BEGIN RECORDS FOR THIS TASK

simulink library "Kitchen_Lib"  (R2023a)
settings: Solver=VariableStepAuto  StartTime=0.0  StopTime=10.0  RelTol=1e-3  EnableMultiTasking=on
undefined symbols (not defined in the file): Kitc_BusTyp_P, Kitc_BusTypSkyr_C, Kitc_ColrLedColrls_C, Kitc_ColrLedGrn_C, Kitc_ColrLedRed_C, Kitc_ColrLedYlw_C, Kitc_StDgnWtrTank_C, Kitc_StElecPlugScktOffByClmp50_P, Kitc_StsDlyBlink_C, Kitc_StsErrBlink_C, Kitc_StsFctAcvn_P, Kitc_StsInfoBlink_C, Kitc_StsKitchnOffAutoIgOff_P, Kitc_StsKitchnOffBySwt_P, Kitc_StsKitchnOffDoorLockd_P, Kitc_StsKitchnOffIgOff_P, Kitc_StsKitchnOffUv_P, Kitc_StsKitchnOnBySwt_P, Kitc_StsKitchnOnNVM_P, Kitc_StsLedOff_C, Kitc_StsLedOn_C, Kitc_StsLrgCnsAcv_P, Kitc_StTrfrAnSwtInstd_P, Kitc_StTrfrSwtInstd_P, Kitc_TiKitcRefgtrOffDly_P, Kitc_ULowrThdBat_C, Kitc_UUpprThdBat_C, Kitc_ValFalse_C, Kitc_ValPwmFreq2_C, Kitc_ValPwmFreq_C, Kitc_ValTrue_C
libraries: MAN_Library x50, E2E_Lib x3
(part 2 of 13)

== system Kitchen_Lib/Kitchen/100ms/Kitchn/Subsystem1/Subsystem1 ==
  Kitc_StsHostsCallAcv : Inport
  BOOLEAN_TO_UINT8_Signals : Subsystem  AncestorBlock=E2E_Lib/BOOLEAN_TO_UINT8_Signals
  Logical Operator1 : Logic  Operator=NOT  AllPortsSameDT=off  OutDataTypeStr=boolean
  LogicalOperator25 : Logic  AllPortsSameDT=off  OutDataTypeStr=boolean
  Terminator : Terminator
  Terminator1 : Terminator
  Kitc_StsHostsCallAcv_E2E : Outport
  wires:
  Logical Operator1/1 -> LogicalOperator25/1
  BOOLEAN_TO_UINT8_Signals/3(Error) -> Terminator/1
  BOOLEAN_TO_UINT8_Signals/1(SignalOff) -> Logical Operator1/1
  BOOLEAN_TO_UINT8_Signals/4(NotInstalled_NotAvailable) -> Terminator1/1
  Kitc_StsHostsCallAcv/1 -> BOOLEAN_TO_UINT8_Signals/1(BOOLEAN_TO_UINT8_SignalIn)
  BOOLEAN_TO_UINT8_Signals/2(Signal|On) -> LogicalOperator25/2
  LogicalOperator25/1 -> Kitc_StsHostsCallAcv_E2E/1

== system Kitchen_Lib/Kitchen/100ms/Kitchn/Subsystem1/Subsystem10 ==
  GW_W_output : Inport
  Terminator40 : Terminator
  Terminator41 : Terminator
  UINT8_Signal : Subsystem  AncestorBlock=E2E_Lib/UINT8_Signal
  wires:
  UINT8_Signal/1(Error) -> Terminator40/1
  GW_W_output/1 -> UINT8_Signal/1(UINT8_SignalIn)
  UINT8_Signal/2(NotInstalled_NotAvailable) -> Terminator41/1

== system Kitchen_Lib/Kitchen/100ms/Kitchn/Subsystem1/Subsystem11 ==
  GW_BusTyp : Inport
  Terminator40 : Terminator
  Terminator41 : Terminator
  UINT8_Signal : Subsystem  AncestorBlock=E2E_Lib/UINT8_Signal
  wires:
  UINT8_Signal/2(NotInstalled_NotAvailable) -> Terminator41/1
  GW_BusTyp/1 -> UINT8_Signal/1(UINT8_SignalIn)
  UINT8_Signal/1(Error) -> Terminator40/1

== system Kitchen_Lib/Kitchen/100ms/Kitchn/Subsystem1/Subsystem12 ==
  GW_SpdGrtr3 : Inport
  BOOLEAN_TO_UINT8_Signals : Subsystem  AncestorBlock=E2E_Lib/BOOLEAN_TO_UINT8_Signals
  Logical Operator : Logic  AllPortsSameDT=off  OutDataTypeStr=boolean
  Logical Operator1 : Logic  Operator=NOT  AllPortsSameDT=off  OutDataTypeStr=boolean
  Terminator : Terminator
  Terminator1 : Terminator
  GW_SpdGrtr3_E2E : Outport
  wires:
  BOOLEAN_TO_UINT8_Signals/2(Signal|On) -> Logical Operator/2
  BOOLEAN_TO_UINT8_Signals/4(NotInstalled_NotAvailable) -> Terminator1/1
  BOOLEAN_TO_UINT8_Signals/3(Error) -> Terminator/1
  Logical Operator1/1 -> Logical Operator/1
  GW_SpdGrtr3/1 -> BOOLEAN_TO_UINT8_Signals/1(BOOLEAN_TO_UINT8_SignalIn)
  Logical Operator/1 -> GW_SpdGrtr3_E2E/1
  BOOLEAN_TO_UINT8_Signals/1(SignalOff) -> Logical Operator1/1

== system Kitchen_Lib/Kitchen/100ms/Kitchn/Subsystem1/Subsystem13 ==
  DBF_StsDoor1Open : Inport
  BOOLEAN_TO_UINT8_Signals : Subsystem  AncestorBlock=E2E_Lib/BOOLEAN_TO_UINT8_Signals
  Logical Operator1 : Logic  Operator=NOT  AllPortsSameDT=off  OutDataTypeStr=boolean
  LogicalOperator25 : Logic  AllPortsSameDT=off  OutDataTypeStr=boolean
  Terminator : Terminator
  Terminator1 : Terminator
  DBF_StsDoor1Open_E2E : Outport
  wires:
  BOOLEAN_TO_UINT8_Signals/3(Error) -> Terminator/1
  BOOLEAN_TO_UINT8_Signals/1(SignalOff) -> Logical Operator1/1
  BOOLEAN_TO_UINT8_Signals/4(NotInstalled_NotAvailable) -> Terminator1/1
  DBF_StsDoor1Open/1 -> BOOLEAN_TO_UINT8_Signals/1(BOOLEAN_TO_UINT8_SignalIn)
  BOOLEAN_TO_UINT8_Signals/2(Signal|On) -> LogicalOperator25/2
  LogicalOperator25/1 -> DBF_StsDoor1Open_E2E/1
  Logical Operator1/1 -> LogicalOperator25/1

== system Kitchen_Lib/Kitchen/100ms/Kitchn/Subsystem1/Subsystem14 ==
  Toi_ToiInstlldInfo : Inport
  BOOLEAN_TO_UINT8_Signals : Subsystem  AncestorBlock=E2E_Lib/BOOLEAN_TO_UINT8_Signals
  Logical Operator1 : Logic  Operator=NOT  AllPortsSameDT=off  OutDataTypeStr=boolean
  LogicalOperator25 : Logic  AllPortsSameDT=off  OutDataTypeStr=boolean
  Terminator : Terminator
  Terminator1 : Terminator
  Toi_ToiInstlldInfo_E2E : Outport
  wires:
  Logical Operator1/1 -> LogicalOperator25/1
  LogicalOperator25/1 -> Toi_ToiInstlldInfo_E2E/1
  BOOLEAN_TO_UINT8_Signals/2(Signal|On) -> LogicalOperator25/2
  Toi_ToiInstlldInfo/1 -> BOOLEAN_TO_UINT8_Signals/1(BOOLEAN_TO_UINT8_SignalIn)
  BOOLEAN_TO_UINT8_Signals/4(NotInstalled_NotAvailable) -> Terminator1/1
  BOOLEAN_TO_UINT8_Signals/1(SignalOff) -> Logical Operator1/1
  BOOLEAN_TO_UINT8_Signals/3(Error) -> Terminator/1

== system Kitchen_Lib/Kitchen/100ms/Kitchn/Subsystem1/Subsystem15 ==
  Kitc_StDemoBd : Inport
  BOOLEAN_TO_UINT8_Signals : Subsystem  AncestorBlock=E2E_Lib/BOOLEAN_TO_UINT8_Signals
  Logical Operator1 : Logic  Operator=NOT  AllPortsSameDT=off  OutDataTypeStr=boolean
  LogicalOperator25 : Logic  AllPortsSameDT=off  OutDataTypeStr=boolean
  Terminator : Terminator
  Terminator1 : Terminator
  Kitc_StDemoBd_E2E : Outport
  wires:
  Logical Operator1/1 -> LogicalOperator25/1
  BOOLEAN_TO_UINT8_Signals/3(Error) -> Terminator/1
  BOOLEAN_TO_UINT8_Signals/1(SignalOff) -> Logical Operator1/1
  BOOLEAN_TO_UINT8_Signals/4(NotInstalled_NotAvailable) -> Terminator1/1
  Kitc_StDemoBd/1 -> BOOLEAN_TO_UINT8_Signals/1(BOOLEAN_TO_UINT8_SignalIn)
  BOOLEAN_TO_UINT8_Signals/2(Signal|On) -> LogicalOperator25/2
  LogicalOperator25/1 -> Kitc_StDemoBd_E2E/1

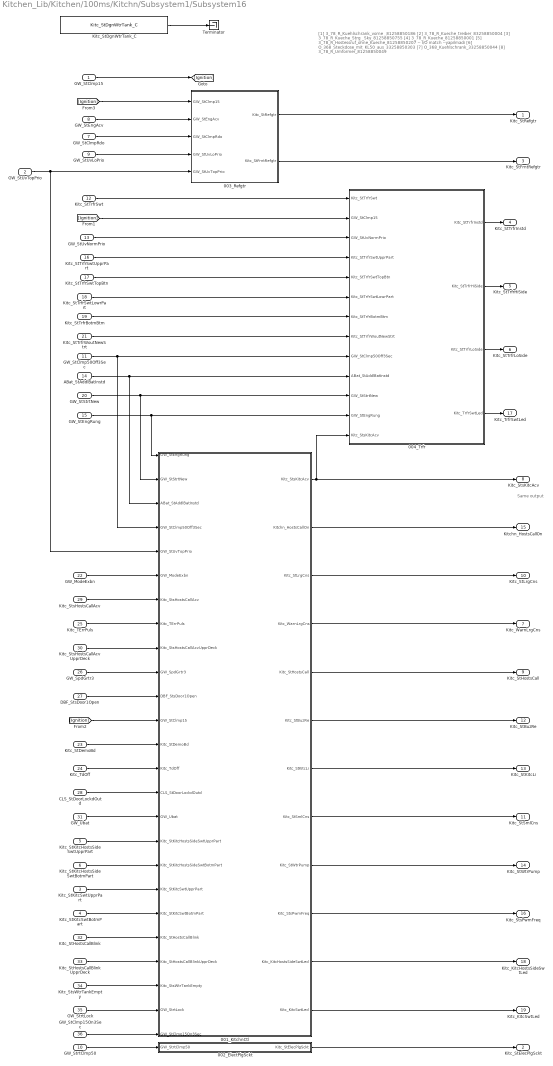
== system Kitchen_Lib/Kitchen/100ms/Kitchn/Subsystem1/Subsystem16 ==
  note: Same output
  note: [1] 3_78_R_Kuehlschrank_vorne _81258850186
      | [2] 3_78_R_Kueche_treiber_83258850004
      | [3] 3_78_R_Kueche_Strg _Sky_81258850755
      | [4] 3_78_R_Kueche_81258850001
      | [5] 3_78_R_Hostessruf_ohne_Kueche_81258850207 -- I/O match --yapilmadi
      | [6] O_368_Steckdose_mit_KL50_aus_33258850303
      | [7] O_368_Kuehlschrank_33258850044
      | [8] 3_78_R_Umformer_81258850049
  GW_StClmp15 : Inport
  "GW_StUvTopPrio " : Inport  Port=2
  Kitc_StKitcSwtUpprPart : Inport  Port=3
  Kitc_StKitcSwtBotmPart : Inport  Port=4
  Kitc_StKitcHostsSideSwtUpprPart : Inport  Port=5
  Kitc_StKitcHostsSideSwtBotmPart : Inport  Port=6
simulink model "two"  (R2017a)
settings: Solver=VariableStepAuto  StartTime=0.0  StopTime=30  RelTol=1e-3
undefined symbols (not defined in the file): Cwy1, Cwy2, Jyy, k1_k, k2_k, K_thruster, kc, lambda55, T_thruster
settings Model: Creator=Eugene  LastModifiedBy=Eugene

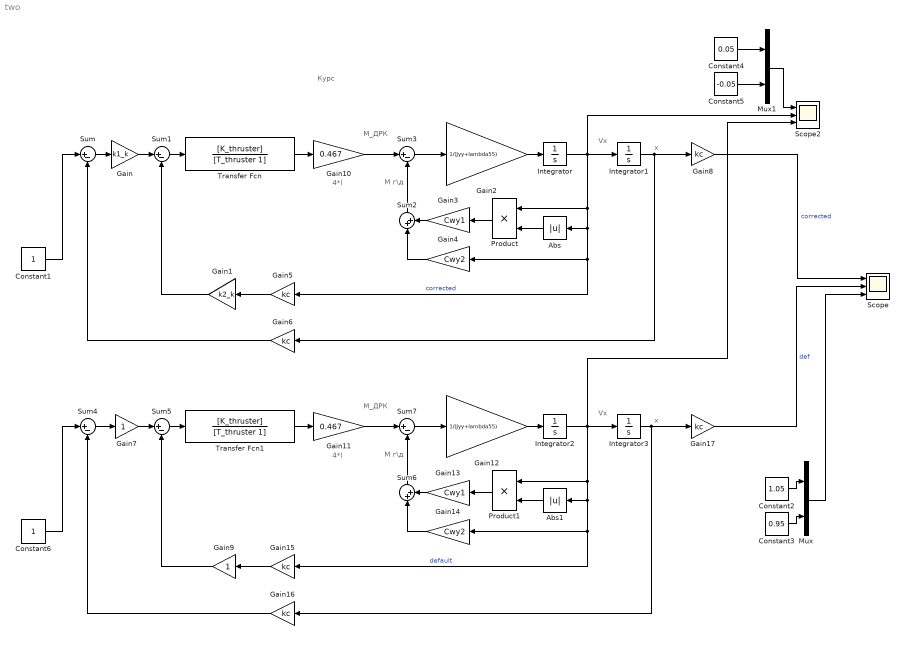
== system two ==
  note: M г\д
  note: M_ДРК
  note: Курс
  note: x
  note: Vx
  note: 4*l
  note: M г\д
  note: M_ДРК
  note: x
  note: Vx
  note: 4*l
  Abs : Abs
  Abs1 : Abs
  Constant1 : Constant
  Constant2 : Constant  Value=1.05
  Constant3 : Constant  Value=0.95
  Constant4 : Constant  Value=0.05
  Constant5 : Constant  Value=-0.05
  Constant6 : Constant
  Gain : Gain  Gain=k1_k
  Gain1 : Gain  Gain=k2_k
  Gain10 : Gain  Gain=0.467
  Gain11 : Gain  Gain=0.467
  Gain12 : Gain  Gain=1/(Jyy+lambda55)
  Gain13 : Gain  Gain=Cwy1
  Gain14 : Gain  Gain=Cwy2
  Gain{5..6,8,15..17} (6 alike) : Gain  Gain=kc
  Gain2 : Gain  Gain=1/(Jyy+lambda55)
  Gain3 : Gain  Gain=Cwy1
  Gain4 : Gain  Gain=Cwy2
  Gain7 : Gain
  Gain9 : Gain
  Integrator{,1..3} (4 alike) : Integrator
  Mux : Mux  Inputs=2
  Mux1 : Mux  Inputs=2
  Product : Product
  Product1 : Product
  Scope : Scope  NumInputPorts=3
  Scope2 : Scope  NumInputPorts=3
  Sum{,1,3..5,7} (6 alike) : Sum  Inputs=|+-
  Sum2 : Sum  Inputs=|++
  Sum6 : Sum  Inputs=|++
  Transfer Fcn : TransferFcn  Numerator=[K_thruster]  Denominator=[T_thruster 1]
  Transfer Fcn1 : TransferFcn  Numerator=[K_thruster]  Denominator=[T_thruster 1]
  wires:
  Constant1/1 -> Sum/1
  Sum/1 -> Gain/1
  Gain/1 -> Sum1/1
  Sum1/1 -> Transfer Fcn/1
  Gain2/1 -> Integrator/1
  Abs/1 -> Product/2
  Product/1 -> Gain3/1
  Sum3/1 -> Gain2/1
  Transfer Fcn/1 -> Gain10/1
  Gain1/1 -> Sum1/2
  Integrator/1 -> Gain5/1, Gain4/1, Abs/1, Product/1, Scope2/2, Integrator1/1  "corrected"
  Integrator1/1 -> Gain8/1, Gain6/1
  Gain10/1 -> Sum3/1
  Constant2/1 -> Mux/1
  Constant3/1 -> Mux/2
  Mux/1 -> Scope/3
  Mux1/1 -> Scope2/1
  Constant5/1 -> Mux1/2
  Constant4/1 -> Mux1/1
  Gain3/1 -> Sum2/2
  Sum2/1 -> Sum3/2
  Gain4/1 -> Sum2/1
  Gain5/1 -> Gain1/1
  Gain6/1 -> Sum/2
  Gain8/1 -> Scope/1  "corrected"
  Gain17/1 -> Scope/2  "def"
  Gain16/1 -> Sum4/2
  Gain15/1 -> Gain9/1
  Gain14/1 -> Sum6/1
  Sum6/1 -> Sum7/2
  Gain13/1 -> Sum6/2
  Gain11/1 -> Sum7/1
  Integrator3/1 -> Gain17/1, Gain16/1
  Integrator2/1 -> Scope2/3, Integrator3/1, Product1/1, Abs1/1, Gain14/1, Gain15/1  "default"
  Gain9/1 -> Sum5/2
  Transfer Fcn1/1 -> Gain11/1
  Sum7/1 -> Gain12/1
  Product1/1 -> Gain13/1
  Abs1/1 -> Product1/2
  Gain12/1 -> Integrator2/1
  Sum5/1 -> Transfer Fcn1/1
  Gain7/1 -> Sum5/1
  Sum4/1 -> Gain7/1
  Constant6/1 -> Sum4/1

END RECORDS FOR THIS TASK

» REQUIREMENT: State only how many lines above hold the string "Solver".

» REPLY TO THE EXERCISE: 2